Work instruction>
Every line containing "Commit" should be identified and copied from the data below.

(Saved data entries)
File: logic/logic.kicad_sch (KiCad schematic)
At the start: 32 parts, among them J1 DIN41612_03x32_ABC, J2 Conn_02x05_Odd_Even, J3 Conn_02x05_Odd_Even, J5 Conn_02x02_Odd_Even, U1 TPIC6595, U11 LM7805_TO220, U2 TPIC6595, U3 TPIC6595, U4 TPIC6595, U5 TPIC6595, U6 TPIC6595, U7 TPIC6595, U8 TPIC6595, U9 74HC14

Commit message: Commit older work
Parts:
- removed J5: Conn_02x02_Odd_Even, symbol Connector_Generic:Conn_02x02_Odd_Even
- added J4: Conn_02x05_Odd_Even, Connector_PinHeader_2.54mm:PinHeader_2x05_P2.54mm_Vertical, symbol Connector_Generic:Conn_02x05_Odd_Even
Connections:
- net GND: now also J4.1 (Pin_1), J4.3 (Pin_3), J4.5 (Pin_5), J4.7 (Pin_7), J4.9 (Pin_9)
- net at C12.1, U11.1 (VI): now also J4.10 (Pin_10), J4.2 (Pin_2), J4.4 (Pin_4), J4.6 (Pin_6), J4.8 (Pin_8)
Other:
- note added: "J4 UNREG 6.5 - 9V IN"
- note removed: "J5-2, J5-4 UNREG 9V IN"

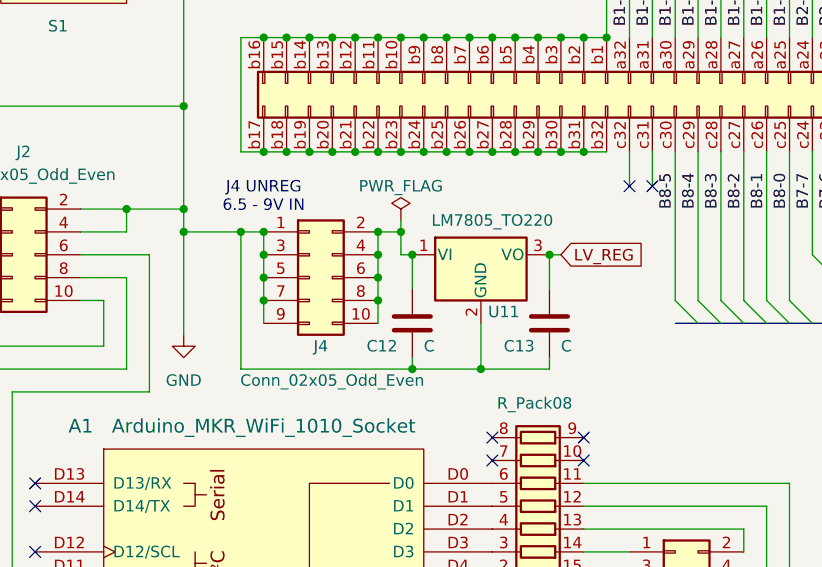
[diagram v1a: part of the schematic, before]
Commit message: Update libraries, schematic, and layout with buck converter
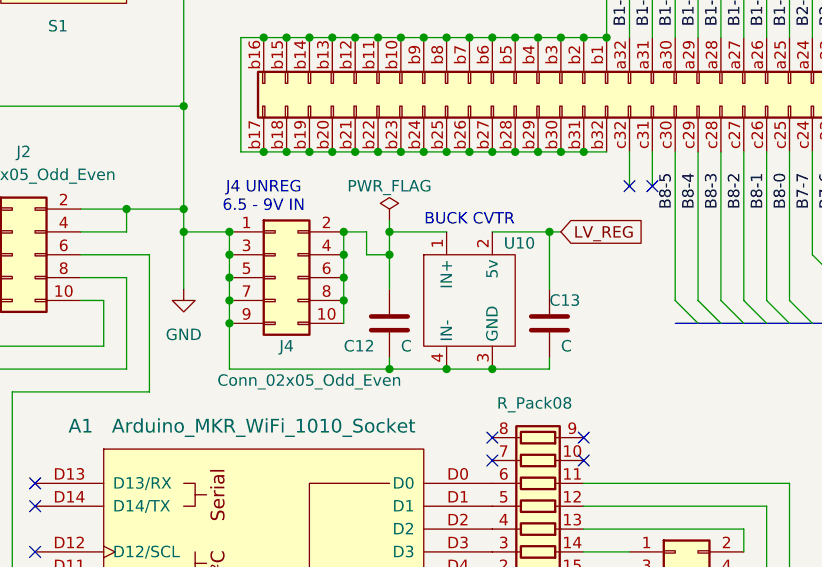
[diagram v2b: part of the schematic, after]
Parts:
- removed U11: LM7805_TO220, Package_TO_SOT_THT:TO-220-3_Vertical, symbol Regulator_Linear:LM7805_TO220
- added U10: ~, NixComp:TR4R7, symbol NixComp:TR4R7
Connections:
- net GND: now also U10.3 (GND), U10.4 (IN-)
- net LV_REG: now also U10.2 (5v)
- net at C12.1, J4.10 (Pin_10), J4.2 (Pin_2)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: now also U10.1 (IN+)
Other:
- note added: "BUCK CVTR"
- moved on the sheet: C12, J4

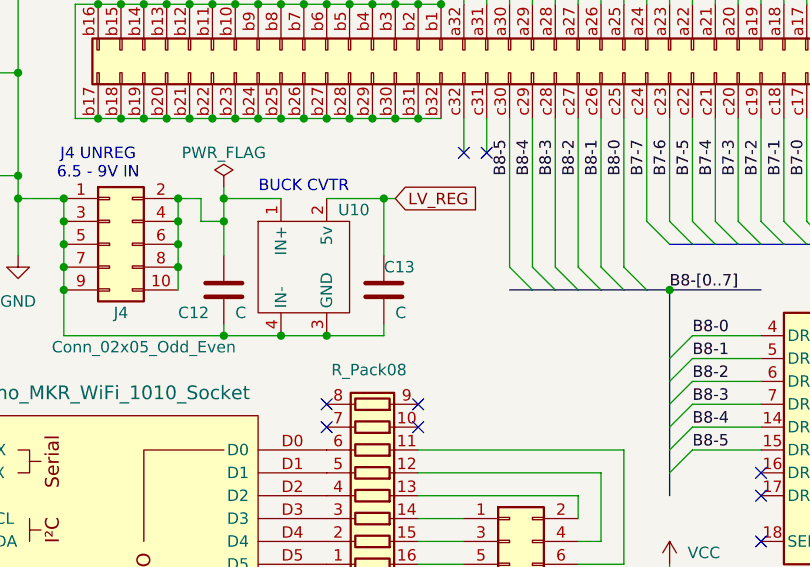
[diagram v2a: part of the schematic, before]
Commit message: Ongoing development of prototype, symbols, footprints, and logic schematic
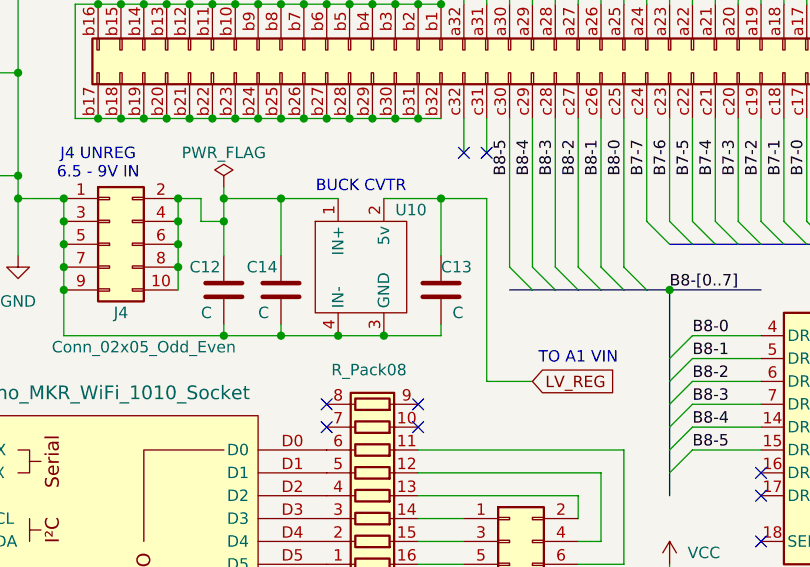
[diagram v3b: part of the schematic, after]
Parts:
- added C14: C, Capacitor_THT:C_Disc_D3.4mm_W2.1mm_P2.50mm, symbol Device:C
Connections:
- net GND: now also C14.2
- net at C12.1, J4.10 (Pin_10), J4.2 (Pin_2)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: now also C14.1
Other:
- note added: "TO A1 VIN"
- moved on the sheet: C13, U10

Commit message: Begin incorporating feedback from prototype. Checkpoint.
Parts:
- removed C1, C10, C12, C13, C14, C2, C3, C4, C5, C6, C7, C8, C9: C, Capacitor_THT:C_Disc_D3.4mm_W2.1mm_P2.50mm, symbol Device:C
- removed C11: C, Capacitor_THT:CP_Radial_D8.0mm_P2.50mm, symbol Device:C
- removed J4: Conn_02x05_Odd_Even, Connector_PinHeader_2.54mm:PinHeader_2x05_P2.54mm_Vertical, symbol Connector_Generic:Conn_02x05_Odd_Even
- removed R1: R, Resistor_THT:R_Axial_DIN0207_L6.3mm_D2.5mm_P10.16mm_Horizontal, symbol Device:R
- removed S1: ~, NixComp:NCH8200HV, symbol NixComp:NCH8200HV_170v
- removed U10: ~, NixComp:TR4R7, symbol NixComp:TR4R7
- removed U9: 74HC14, Package_DIP:DIP-14_W7.62mm_Socket, symbol 74xx:74HC14
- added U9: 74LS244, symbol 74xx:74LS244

Result>
Commit message: Commit older work
Commit message: Update libraries, schematic, and layout with buck converter
Commit message: Ongoing development of prototype, symbols, footprints, and logic schematic
Commit message: Begin incorporating feedback from prototype. Checkpoint.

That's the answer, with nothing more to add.